#ubuntu-us-wi 2011-07-04
<Cheesehead> Anyone going to the MKE fireworks tonight?
#ubuntu-us-wi 2011-07-05
<douglasawh-work> OT: does anyone know anything about Excel macros?  I've got a user with some problems and I don't even know where to start
 * Cheesehead mixes a new pitcher of lemonade
#ubuntu-us-wi 2011-07-06
<h00k> oi
<h00k> hello
 * Cheesehead just checked the IRC logs and saw h00k's earlier 'hello'
<h00k> Cheesehead: yes yes
<h00k> Cheesehead: hello
<Cheesehead> See, somebody else occasionally checks here.
<h00k> It's amazing, really!
<h00k> How was your fourth?
<Cheesehead> h00k: Most fabulous. Grilling, sunburn, all the good stuff
<Cheesehead> And yours?
<h00k> Same here, I'm hurting today
<h00k> I missed the fireworks, had to drive back home.

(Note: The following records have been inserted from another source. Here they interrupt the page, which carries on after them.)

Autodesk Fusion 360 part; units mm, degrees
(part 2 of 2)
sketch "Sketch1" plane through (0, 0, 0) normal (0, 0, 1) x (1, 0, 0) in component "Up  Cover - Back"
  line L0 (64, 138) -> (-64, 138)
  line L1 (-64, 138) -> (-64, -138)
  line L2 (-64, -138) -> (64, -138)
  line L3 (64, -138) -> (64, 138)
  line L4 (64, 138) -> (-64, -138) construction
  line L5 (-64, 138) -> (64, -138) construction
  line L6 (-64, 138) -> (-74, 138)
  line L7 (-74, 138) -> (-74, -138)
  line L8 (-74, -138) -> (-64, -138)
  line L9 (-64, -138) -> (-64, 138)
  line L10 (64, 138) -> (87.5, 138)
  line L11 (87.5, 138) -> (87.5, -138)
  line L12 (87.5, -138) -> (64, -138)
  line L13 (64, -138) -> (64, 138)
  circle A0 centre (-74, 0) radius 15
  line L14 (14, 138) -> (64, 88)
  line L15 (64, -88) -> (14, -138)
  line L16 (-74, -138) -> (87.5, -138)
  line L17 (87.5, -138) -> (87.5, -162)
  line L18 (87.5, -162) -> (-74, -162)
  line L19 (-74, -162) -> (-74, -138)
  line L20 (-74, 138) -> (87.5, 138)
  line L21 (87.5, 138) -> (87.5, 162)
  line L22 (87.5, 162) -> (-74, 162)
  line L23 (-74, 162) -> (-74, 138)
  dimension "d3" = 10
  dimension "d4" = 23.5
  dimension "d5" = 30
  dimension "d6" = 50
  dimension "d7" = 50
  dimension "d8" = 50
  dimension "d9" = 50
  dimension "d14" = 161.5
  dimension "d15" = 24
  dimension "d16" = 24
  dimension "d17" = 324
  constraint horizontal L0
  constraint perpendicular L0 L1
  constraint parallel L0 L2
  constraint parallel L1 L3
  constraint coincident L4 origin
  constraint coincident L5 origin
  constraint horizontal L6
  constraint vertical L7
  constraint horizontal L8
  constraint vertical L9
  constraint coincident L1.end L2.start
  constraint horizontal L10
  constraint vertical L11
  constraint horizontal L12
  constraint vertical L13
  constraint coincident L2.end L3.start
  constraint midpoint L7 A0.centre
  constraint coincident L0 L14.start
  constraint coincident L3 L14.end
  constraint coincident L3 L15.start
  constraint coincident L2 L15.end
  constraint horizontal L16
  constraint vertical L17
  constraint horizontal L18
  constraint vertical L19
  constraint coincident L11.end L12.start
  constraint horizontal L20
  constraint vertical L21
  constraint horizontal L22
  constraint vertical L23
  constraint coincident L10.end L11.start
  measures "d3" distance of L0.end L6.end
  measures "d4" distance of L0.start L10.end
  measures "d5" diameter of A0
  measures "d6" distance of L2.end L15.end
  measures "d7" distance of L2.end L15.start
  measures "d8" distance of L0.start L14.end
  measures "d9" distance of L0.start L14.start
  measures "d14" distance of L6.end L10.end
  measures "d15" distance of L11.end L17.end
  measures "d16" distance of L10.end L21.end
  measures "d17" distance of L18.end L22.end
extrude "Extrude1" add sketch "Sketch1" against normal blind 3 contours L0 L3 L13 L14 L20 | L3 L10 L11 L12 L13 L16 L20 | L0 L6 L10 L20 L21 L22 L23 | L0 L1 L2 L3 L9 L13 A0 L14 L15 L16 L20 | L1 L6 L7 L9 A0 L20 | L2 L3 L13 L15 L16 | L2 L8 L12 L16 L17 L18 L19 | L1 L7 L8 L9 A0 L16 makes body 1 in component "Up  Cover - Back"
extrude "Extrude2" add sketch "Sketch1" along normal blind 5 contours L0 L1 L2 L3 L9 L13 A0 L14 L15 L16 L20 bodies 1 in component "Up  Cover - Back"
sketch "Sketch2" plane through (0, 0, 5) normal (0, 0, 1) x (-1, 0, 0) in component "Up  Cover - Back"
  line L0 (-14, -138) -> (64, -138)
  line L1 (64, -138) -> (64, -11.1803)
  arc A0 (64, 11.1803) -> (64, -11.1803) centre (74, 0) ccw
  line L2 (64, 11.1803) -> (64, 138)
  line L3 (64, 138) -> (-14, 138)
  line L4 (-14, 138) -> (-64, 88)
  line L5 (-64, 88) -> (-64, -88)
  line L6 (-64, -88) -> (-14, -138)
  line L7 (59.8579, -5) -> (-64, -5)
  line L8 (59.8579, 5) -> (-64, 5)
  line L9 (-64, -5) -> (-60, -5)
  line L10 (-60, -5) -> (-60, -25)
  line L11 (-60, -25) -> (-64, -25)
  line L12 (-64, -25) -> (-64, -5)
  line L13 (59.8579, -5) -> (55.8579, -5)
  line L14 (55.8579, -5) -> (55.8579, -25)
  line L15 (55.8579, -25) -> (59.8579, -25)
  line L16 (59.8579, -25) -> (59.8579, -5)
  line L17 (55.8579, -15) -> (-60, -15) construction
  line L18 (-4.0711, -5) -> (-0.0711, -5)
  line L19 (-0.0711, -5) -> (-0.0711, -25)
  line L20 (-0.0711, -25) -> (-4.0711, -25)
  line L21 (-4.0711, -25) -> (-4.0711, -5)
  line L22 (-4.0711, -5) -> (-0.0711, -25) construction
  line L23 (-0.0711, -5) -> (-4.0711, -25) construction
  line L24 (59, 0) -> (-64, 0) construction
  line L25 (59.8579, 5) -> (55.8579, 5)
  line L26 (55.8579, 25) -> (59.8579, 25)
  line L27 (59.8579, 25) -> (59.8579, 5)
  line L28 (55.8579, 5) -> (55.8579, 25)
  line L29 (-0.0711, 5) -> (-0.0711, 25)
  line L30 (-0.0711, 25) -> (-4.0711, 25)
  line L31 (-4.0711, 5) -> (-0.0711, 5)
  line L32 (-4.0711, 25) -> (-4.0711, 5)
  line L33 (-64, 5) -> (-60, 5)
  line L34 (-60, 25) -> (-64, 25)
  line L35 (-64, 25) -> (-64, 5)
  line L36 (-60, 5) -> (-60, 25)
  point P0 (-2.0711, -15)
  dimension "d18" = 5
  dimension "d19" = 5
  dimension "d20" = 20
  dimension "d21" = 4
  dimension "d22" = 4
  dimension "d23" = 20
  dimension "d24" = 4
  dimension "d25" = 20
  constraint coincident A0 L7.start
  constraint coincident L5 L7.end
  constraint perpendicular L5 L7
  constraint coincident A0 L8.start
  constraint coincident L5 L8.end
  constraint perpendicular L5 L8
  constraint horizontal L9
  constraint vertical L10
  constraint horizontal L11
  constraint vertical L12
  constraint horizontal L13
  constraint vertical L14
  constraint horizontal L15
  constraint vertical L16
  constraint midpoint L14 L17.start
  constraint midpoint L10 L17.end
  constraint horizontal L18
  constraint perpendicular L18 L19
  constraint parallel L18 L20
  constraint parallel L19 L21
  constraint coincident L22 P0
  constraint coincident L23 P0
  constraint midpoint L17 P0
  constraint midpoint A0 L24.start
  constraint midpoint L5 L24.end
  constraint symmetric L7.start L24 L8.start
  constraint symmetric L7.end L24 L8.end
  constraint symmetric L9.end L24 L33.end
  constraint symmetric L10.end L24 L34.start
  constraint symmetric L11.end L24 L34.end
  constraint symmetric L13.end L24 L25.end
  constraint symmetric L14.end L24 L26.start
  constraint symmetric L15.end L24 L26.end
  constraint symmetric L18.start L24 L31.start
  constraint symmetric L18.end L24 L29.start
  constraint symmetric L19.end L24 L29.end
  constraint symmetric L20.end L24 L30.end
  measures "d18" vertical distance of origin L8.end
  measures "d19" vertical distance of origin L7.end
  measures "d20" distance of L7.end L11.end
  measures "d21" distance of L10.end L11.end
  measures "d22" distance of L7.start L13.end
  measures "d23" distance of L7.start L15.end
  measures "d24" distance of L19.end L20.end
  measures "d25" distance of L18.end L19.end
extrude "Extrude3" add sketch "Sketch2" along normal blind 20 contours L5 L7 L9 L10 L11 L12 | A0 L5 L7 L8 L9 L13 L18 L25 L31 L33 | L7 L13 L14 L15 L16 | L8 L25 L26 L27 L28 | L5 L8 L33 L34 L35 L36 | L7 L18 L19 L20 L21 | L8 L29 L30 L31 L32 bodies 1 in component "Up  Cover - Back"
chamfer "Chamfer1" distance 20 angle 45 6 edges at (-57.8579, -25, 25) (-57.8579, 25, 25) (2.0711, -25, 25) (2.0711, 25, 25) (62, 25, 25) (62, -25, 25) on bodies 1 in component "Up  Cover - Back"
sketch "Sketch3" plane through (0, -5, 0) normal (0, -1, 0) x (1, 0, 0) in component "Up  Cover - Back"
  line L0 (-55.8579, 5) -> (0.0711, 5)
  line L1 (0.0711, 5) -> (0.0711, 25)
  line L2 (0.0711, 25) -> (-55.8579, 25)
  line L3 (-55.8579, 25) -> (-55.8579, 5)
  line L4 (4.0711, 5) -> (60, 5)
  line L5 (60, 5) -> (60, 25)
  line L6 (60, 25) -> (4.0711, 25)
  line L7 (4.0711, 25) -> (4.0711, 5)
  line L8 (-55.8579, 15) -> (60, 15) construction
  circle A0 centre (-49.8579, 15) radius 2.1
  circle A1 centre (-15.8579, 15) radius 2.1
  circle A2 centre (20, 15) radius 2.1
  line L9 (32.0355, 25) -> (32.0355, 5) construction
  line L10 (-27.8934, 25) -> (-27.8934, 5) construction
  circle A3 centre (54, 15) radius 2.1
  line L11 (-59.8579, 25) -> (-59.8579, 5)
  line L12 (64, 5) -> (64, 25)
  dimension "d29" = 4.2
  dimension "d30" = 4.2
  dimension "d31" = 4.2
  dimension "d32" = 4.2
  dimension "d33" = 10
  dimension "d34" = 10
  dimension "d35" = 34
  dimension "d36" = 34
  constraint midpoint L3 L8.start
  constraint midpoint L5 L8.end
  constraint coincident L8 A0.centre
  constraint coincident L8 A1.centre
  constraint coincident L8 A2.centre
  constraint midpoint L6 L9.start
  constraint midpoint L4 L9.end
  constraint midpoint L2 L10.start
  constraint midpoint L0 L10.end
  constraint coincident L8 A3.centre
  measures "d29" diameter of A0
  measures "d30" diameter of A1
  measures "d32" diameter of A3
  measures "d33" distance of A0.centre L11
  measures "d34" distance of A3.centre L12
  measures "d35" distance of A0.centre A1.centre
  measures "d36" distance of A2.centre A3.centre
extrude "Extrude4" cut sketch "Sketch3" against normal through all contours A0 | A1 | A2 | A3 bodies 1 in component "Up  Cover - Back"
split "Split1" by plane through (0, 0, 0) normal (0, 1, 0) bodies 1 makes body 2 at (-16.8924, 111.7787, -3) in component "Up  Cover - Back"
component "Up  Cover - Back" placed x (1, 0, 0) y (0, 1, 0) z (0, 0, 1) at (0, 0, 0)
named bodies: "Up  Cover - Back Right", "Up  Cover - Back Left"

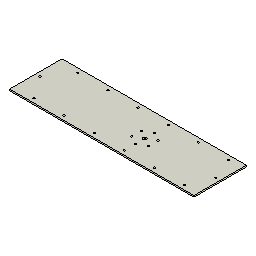
design "Side Cover"
Autodesk Fusion 360 part; units mm, degrees
sketch "Sketch2" plane through (0, 0, 0) normal (0, 0, 1) x (1, 0, 0)
  line L0 (-214.5, -61) -> (-214.5, 61)
  line L1 (-214.5, -61) -> (214.5, 61) construction
  line L2 (-214.5, 61) -> (214.5, 61)
  circle A0 centre (42.5, -3.3) radius 4.1
  line L3 (214.5, -61) -> (-214.5, 61) construction
  line L4 (214.5, 61) -> (214.5, -61)
  line L5 (214.5, -61) -> (-214.5, -61)
  line L6 (-214.5, 0) -> (214.5, 0) construction
  line L7 (-214.5, -3.3) -> (214.5, -3.3) construction
  line L8 (42.5, 61) -> (42.5, -61) construction
  circle A1 centre (42.5, 51) radius 2.1
  line L9 (-214.5, 51) -> (214.5, 51) construction
  circle A2 centre (42.5, -3.3) radius 22.5 construction
  circle A3 centre (42.5, 19.2) radius 2.1
  circle A4 centre (23.0144, 7.95) radius 2.1
  circle A5 centre (23.0144, -14.55) radius 2.1
  circle A6 centre (42.5, -25.8) radius 2.1
  circle A7 centre (61.9856, -14.55) radius 2.1
  circle A8 centre (61.9856, 7.95) radius 2.1
  line L10 (-194.5, 61) -> (-194.5, -61) construction
  line L11 (194.5, 61) -> (194.5, -61) construction
  circle A9 centre (-167.5, 51) radius 2.1
  circle A10 centre (-97.5, 51) radius 2.1
  circle A11 centre (-27.5, 51) radius 2.1
  circle A12 centre (112.5, 51) radius 2.1
  circle A13 centre (182.5, 51) radius 2.1
  circle A14 centre (112.5, -51) radius 2.1
  line L12 (-214.5, -51) -> (214.5, -51) construction
  circle A15 centre (-27.5, -51) radius 2.1
  circle A16 centre (-167.5, -51) radius 2.1
  circle A17 centre (182.5, -51) radius 2.1
  circle A18 centre (-97.5, -51) radius 2.1
  circle A19 centre (42.5, -51) radius 2.1
  circle A20 centre (-204.5, 0) radius 2.1
  circle A21 centre (204.5, 0) radius 2.1
  dimension "d11" = 122
  dimension "d12" = 429
  dimension "d14" = 8.2
  dimension "d18" = 3.3
  dimension "d20" = 172
  dimension "d21" = 4.2
  dimension "d23" = 10
  dimension "d24" = 45
  dimension "d25" = 4.2
  dimension "d27" = 360
  dimension "d30" = 70
  dimension "d31" = 0
  dimension "d32" = 20
  dimension "d33" = 20
  dimension "d34" = 4.2
  dimension "d35" = 10
  dimension "d36" = 4.2
  dimension "d37" = 10
  constraint perpendicular L0 L5
  constraint parallel L2 L5
  constraint parallel L0 L4
  constraint horizontal L5
  constraint coincident origin L3
  constraint coincident origin L1
  constraint midpoint L0 L6.start
  constraint midpoint L4 L6.end
  constraint coincident A0.centre L7
  constraint coincident L2 L8.start
  constraint coincident L5 L8.end
  constraint perpendicular L5 L8
  constraint coincident A0.centre L8
  constraint coincident L8 A1.centre
  constraint coincident L0 L9.start
  constraint coincident L4 L9.end
  constraint perpendicular L4 L9
  constraint coincident A1.centre L9
  constraint concentric A0 A2
  constraint coincident A2 A3.centre
  constraint coincident L8 A3.centre
  constraint coincident L2 L10.start
  constraint coincident L5 L10.end
  constraint perpendicular L5 L10
  constraint coincident L2 L11.start
  constraint coincident L5 L11.end
  constraint perpendicular L5 L11
  constraint symmetric L6 A1 A19
  constraint symmetric L6 L9.start L12.start
  constraint symmetric L6 L9.end L12.end
  constraint symmetric L6 A9 A16
  constraint symmetric L6 A10 A18
  constraint symmetric L6 A11 A15
  constraint symmetric L6 A12 A14
  constraint symmetric L6 A13 A17
  constraint coincident L6 A20.centre
  constraint coincident L6 A21.centre
  measures "d11" distance of L0.start L0.end
  measures "d12" distance of L0.end L1.end
  measures "d14" diameter of A0
  measures "d20" distance of L1.end L8.start
  measures "d21" diameter of A1
  measures "d23" distance of L1.end L9.end
  measures "d24" diameter of A2
  measures "d25" diameter of A3
  measures "d32" distance of L0 L10
  measures "d33" distance of L4 L11
  measures "d34" diameter of A20
  measures "d35" distance of L6.start A20.centre
  measures "d36" diameter of A21
  measures "d37" distance of L6.end A21.centre
extrude "Extrude2" add sketch "Sketch2" along normal blind 3.5
sketch "Sketch3" plane through (0, 0, 3.5) normal (0, 0, 1) x (-1, 0, 0)
  circle A0 centre (-42.5, 3.3) radius 4
  line L0 (-214.5, 61) -> (-214.5, -61)
  line L1 (-214.5, -61) -> (214.5, -61)
  line L2 (214.5, -61) -> (214.5, 61)
  line L3 (214.5, 61) -> (-214.5, 61)
  line L4 (-130, -50) -> (-141.5967, -50) construction
  line L5 (-141.5967, -50) -> (-141.5967, -60) construction
  line L6 (-141.5967, -60) -> (-130, -60) construction
  line L7 (-130, -60) -> (-130, -50) construction
  circle A1 centre (-182.5, 51) radius 2.1
  circle A2 centre (97.5, 51) radius 2.1
  circle A3 centre (-42.5, 51) radius 2.1
  circle A4 centre (204.5, 0) radius 2.1
  circle A5 centre (-204.5, 0) radius 2.1
  circle A6 centre (167.5, 51) radius 2.1
  circle A7 centre (97.5, -51) radius 2.1
  circle A8 centre (27.5, -51) radius 2.1
  circle A9 centre (-112.5, -51) radius 2.1
  circle A10 centre (-182.5, -51) radius 2.1
  circle A11 centre (-112.5, 51) radius 2.1
  circle A12 centre (27.5, 51) radius 2.1
  circle A13 centre (167.5, -51) radius 2.1
  circle A14 centre (-61.9856, -7.95) radius 2.1
  circle A15 centre (-61.9856, 14.55) radius 2.1
  circle A16 centre (-42.5, 25.8) radius 2.1
  circle A17 centre (-23.0144, 14.55) radius 2.1
  circle A18 centre (-23.0144, -7.95) radius 2.1
  circle A19 centre (-42.5, -19.2) radius 2.1
  circle A20 centre (-42.5, -51) radius 2.1
  circle A21 centre (-42.5, 3.3) radius 4.1
  line L8 (-214.5, 61) -> (-214.5, -61)
  line L9 (-214.5, -61) -> (214.5, -61)
  line L10 (214.5, -61) -> (214.5, 61)
  line L11 (214.5, 61) -> (-214.5, 61)
  constraint perpendicular L4 L5
  constraint parallel L4 L6
  constraint parallel L5 L7

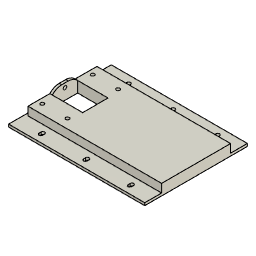
design "Back Cover"
Autodesk Fusion 360 part; units mm, degrees
sketch "Sketch1" plane through (0, 0, 0) normal (0, 0, 1) x (1, 0, 0)
  line L0 (-79.25, 60.9) -> (79.25, 60.9)
  line L1 (79.25, 60.9) -> (79.25, -60.9)
  line L2 (79.25, -60.9) -> (-79.25, -60.9)
  line L3 (-79.25, -60.9) -> (-79.25, 60.9)
  line L4 (-79.25, 60.9) -> (79.25, -60.9) construction
  line L5 (79.25, 60.9) -> (-79.25, -60.9) construction
  line L6 (79.25, -40.9) -> (-79.25, -40.9)
  line L7 (-79.25, -40.9) -> (-79.25, 40.9)
  line L8 (-79.25, 40.9) -> (79.25, 40.9)
  line L9 (79.25, 40.9) -> (79.25, -40.9)
  line L10 (79.25, -40.9) -> (-79.25, 40.9) construction
  line L11 (-79.25, -40.9) -> (79.25, 40.9) construction
  line L12 (0, 0) -> (0, 60.9) construction
  line L13 (-79.25, 60.9) -> (79.25, 40.9) construction
  line L14 (0, 50.9) -> (-79.25, 50.9) construction
  line L15 (0, 50.9) -> (79.25, 50.9) construction
  line L16 (-2.1, 52.15) -> (-2.1, 49.65)
  arc A0 (-2.1, 49.65) -> (2.1, 49.65) centre (0, 49.65) ccw
  line L17 (2.1, 49.65) -> (2.1, 52.15)
  arc A1 (2.1, 52.15) -> (-2.1, 52.15) centre (0, 52.15) ccw
  line L18 (0, 52.15) -> (0, 49.65) construction
  arc A2 (-50.7333, 52.15) -> (-54.9333, 52.15) centre (-52.8333, 52.15) ccw
  line L19 (-54.9333, 52.15) -> (-54.9333, 49.65)
  arc A3 (-54.9333, 49.65) -> (-50.7333, 49.65) centre (-52.8333, 49.65) ccw
  line L20 (-50.7333, 49.65) -> (-50.7333, 52.15)
  arc A4 (54.9333, 52.15) -> (50.7333, 52.15) centre (52.8333, 52.15) ccw
  line L21 (50.7333, 52.15) -> (50.7333, 49.65)
  arc A5 (50.7333, 49.65) -> (54.9333, 49.65) centre (52.8333, 49.65) ccw
  line L22 (54.9333, 49.65) -> (54.9333, 52.15)
  line L23 (-79.25, 0) -> (79.25, 0) construction
  arc A6 (-54.9333, -52.15) -> (-50.7333, -52.15) centre (-52.8333, -52.15) ccw
  line L24 (-54.9333, -52.15) -> (-54.9333, -49.65)
  arc A7 (-50.7333, -49.65) -> (-54.9333, -49.65) centre (-52.8333, -49.65) ccw
  line L25 (-50.7333, -49.65) -> (-50.7333, -52.15)
  arc A8 (-2.1, -52.15) -> (2.1, -52.15) centre (0, -52.15) ccw
  line L26 (-2.1, -52.15) -> (-2.1, -49.65)
  line L27 (2.1, -49.65) -> (2.1, -52.15)
  arc A9 (2.1, -49.65) -> (-2.1, -49.65) centre (0, -49.65) ccw
  arc A10 (50.7333, -52.15) -> (54.9333, -52.15) centre (52.8333, -52.15) ccw
  line L28 (50.7333, -52.15) -> (50.7333, -49.65)
  line L29 (54.9333, -49.65) -> (54.9333, -52.15)
  arc A11 (54.9333, -49.65) -> (50.7333, -49.65) centre (52.8333, -49.65) ccw
  line L30 (-2.1, 50.9) -> (2.1, 50.9) construction
  line L31 (-37.25, 40.9) -> (-37.25, -40.9) construction
  line L32 (-40.25, 15) -> (-76.25, 15)
  line L33 (-76.25, 15) -> (-76.25, -15)
  line L34 (-76.25, -15) -> (-40.25, -15)
  line L35 (-40.25, -15) -> (-40.25, 15)
  line L36 (-40.25, 15) -> (-76.25, -15) construction
  line L37 (-76.25, 15) -> (-40.25, -15) construction
  line L38 (-43.25, -30) -> (-73.25, -30) construction
  line L39 (-73.25, -30) -> (-73.25, 30) construction
  line L40 (-73.25, 30) -> (-43.25, 30) construction
  line L41 (-43.25, 30) -> (-43.25, -30) construction
  line L42 (-43.25, -30) -> (-73.25, 30) construction
  line L43 (-73.25, -30) -> (-43.25, 30) construction
  circle A12 centre (-73.25, -30) radius 2.1
  circle A13 centre (-43.25, -30) radius 2.1
  circle A14 centre (-73.25, 30) radius 2.1
  circle A15 centre (-43.25, 30) radius 2.1
  line L44 (-79.25, 60.9) -> (-82.25, 60.9)
  line L45 (-82.25, 60.9) -> (-82.25, -60.9)
  line L46 (-82.25, -60.9) -> (-79.25, -60.9)
  line L47 (-79.25, -60.9) -> (-79.25, 60.9)
  point P0 (-58.25, 0)
  point P1 (-58.25, 0)
  dimension "d1" = 121.8
  dimension "d2" = 158.5
  dimension "d3" = 81.8
  dimension "d13" = 4.2
  dimension "d14" = 2.5
  dimension "d22" = 52.8333
  dimension "d23" = 0
  dimension "d26" = 42
  dimension "d27" = 36
  dimension "d28" = 30
  dimension "d29" = 3
  dimension "d30" = 30
  dimension "d31" = 60
  dimension "d32" = 4.2
  dimension "d33" = 4.2
  dimension "d34" = 4.2
  dimension "d35" = 4.2
  dimension "d40" = 3
  constraint perpendicular L0 L1
  constraint parallel L0 L2
  constraint perpendicular L6 L7
  constraint parallel L6 L8
  constraint horizontal L6
  constraint coincident L1 L6.start
  constraint midpoint L0 L12.end
  constraint midpoint L13 L14.start
  constraint coincident L3 L14.end
  constraint perpendicular L3 L14
  constraint coincident L1 L15.end
  constraint perpendicular L1 L15
  constraint tangent L16 A0
  constraint tangent A0 L17
  constraint parallel L16 L17
  constraint tangent L17 A1
  constraint tangent L16 A1
  constraint perpendicular L14 L18
  constraint coincident L12.start L4
  constraint midpoint L12.start L4
  constraint midpoint L12.start L5
  constraint midpoint L12.start L10
  constraint midpoint L12.start L11
  constraint coincident L12.start origin
  constraint coincident L12 A1.centre
  constraint midpoint L3 L23.start
  constraint midpoint L1 L23.end
  constraint symmetric L16.start L23 A8.start
  constraint symmetric L16.end L23 L26.end
  constraint symmetric A0.end L23 L27.start
  constraint symmetric L17.end L23 A8.end
  constraint symmetric A0 L23 A9
  constraint symmetric A1 L23 A8
  constraint symmetric A2.start L23 A6.end
  constraint symmetric A2.end L23 A6.start
  constraint symmetric A2 L23 A6
  constraint symmetric L19.end L23 L24.end
  constraint symmetric A3.end L23 A7.start
  constraint symmetric A3 L23 A7
  constraint symmetric A4.start L23 A10.end
  constraint symmetric A4.end L23 A10.start
  constraint symmetric A4 L23 A10
  constraint symmetric L21.end L23 L28.end
  constraint symmetric A5.end L23 L29.start
  constraint symmetric A5 L23 A11
  constraint midpoint L16 L30.start
  constraint midpoint L17 L30.end
  constraint coincident L14.start L30
  constraint coincident L8 L31.start
  constraint coincident L6 L31.end
  constraint perpendicular L6 L31
  constraint horizontal L32
  constraint perpendicular L32 L33
  constraint parallel L32 L34
  constraint parallel L33 L35
  constraint coincident L36 P1
  constraint coincident L37 P1
  constraint coincident L23 P1
  constraint horizontal L38
  constraint perpendicular L38 L39
  constraint parallel L38 L40
  constraint parallel L39 L41
  constraint coincident L42 P1
  constraint coincident L43 P1
  constraint coincident P1 P0
  constraint coincident L38.end L39.start
  constraint coincident L38.start L41.end
  constraint coincident L39.end L40.start
  constraint coincident L40.end L41.start
  constraint horizontal L44
  constraint vertical L45
  constraint horizontal L46
  constraint vertical L47
  constraint coincident L2.end L3.start
  measures "d1" distance of L0.start L2.end
  measures "d2" distance of L0.start L0.end
  measures "d3" distance of L6.end L7.end
  measures "d13" diameter of A0
  measures "d14" distance of A1.centre A0.centre
  measures "d26" distance of L3 L31
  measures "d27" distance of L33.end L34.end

<Cheesehead> Ah, they were great
<Cheesehead> Didn't see the end, kids wore out
<h00k> Where did you see them?
<Cheesehead> I watch the big MKE ones from South Shore Park.
<h00k> Ah, cool
<h00k> I was up near Bayfield
<h00k> *in Bayfield
<Cheesehead> Same spot is good for the annual air show, too
<h00k> Down there?
<Cheesehead> Y
<Cheesehead> 15 Years, and I've missed the EAA show EVERY year
<Cheesehead> I'm gonna go before I die. I'm sure I will
<h00k> I went there once
<h00k> the Discovery Channel interviewed me
<h00k> I was there with the Boy Scouts
<Cheesehead> You were a scout? Or a chaperone?
<h00k> Scout
<Cheesehead> The show in MKE is capped by the Blue Angels' performance
<Cheesehead> Funny, I saw the Air Force do just as cool stuff for no audience at all.
<h00k> That is awesome
<Cheesehead> Well, it was understandable. It was Iraq, and they were getting shot at.
<Cheesehead> Still really cool to watch, though.
 * h00k facepalms
<h00k> not what I expected
<h00k> but yeah, point
<Cheesehead> That was the time I upgraded to 6.10
<Cheesehead> No available network, so I had to download it packagae by package
<Cheesehead> and zip-drive it to my laptop
<Cheesehead> and dist-upgrade manually
<h00k> those were the says
<Cheesehead> Learned a lot that week!
<h00k> days.
<Cheesehead> I don't miss them
<Cheesehead> Though I don't listen when people complain that 85 is hot.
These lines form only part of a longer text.